Oscar is the first health insurance company built around a full stack technology platform and a focus on serving our members. We started Oscar in 2012 to create the kind of health insurance company we would want for ourselves—one that behaves like a doctor in the family.

About the role

The SIU Investigator (Senior Analyst) primary purpose is to investigate change in aberrant behavior observed in claims and enrollment data. You will work independently to analyze data, and manage investigative caseload from identification through to resolution including overpayment recovery, measuring behavior change and completing necessary reporting to meet monetary and case load targets through investigations and internal process improvements– which should, at least initially, increase year-over-year – for FWA recoupments and savings.

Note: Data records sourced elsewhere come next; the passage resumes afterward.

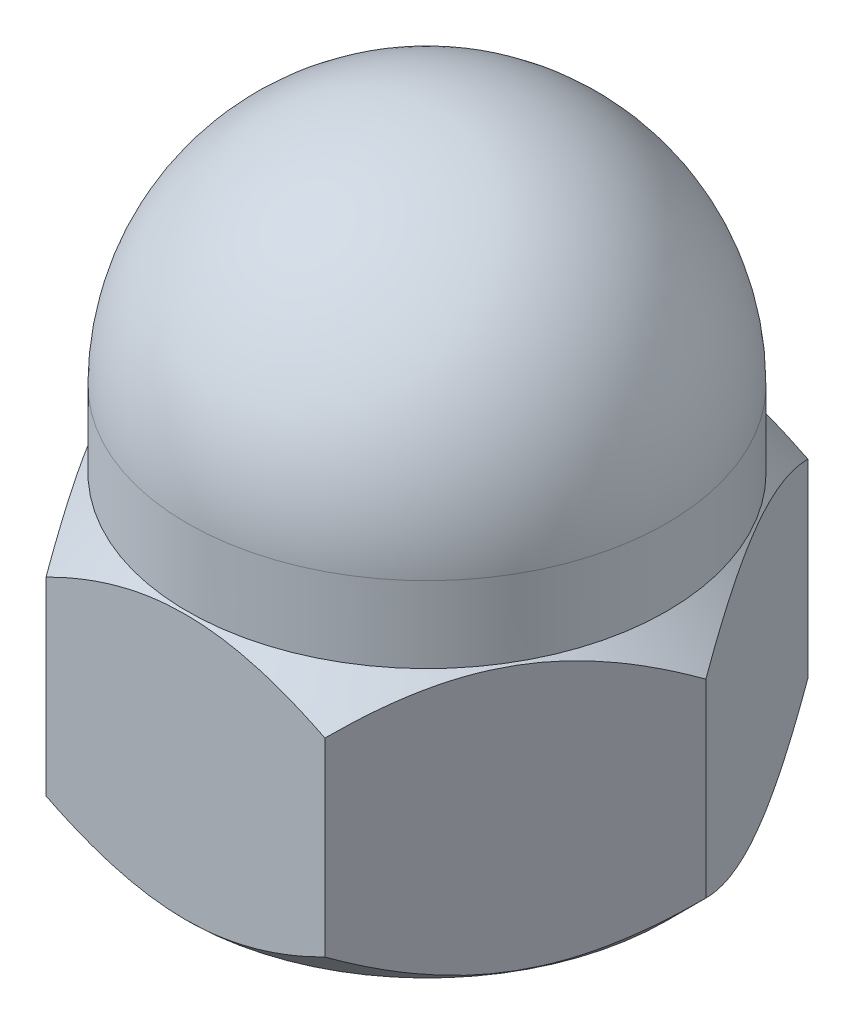
from build123d import *

# Parameters (mm, degrees)
BOSS_EXTRUDE1_DEPTH        = 19
F_20_0MM_DOWEL_HOLE1_D     = 24
F_20_0MM_DOWEL_HOLE1_DEPTH = 31.5
F_20_0MM_DOWEL_HOLE1_TIP   = 7.210327428


with BuildPart() as part:
    # Sketch1 → Boss-Extrude1 (new body)
    with BuildSketch(Plane(origin=(0, 0, 0), x_dir=(1, 0, 0), z_dir=(0, 1, 0))):
        Polygon((19.775, 0), (9.8875, 17.12565236), (-9.8875, 17.12565236), (-19.775, 0), (-9.8875, -17.12565236), (9.8875, -17.12565236), align=None)
    extrude(amount=BOSS_EXTRUDE1_DEPTH)

    # Sketch2 → Revolve1 (revolve)
    with BuildSketch(Plane.ZY):
        with BuildLine():
            Line((-17, 24.4), (-17, 19))
            Line((-17, 19), (0, 19))
            Line((0, 19), (0, 41.4))
            ThreePointArc((0, 41.4), (-12.02081528, 36.42081528), (-17, 24.4))
        make_face()
    revolve(axis=Axis((0, -1000, 0), (0, 1, 0)))

    # Ø20.0mm Dowel Hole1
    with Locations(Plane(origin=(0, 0, 0), x_dir=(-1, 0, 0), z_dir=(0, -1, 0))):
        with Locations((0, 0)):
            Hole(F_20_0MM_DOWEL_HOLE1_D / 2, depth=F_20_0MM_DOWEL_HOLE1_DEPTH)
            with Locations((0, 0, -(F_20_0MM_DOWEL_HOLE1_DEPTH + F_20_0MM_DOWEL_HOLE1_TIP / 2))):  # 118° drill point
                Cone(0, F_20_0MM_DOWEL_HOLE1_D / 2, F_20_0MM_DOWEL_HOLE1_TIP, mode=Mode.SUBTRACT)

    # Sketch6 → Cut-Revolve1 (revolve, cut)
    with BuildSketch(Plane.XY):
        Polygon((19.775, 19), (17, 19), (19.775, 16.225), align=None)
        Polygon((19.775, 2.775), (19.775, 0), (17, 0), align=None)
    revolve(axis=Axis((0, -1000, 0), (0, 1, 0)), mode=Mode.SUBTRACT)


solid = part.part

You will report to the Senior Investigator, SIU.

Work Location: 

Oscar is a blended work culture where everyone, regardless of work type or location, feels connected to their teammates, our culture and our mission. 

If you live within commutable distance to our New York City office ( in Hudson Square), our Tempe office (off the 101 at University Ave), or our Los Angeles office (in Marina Del Rey), you will be expected to come into the office at least two days each week. Otherwise, this is a remote / work-from-home role.  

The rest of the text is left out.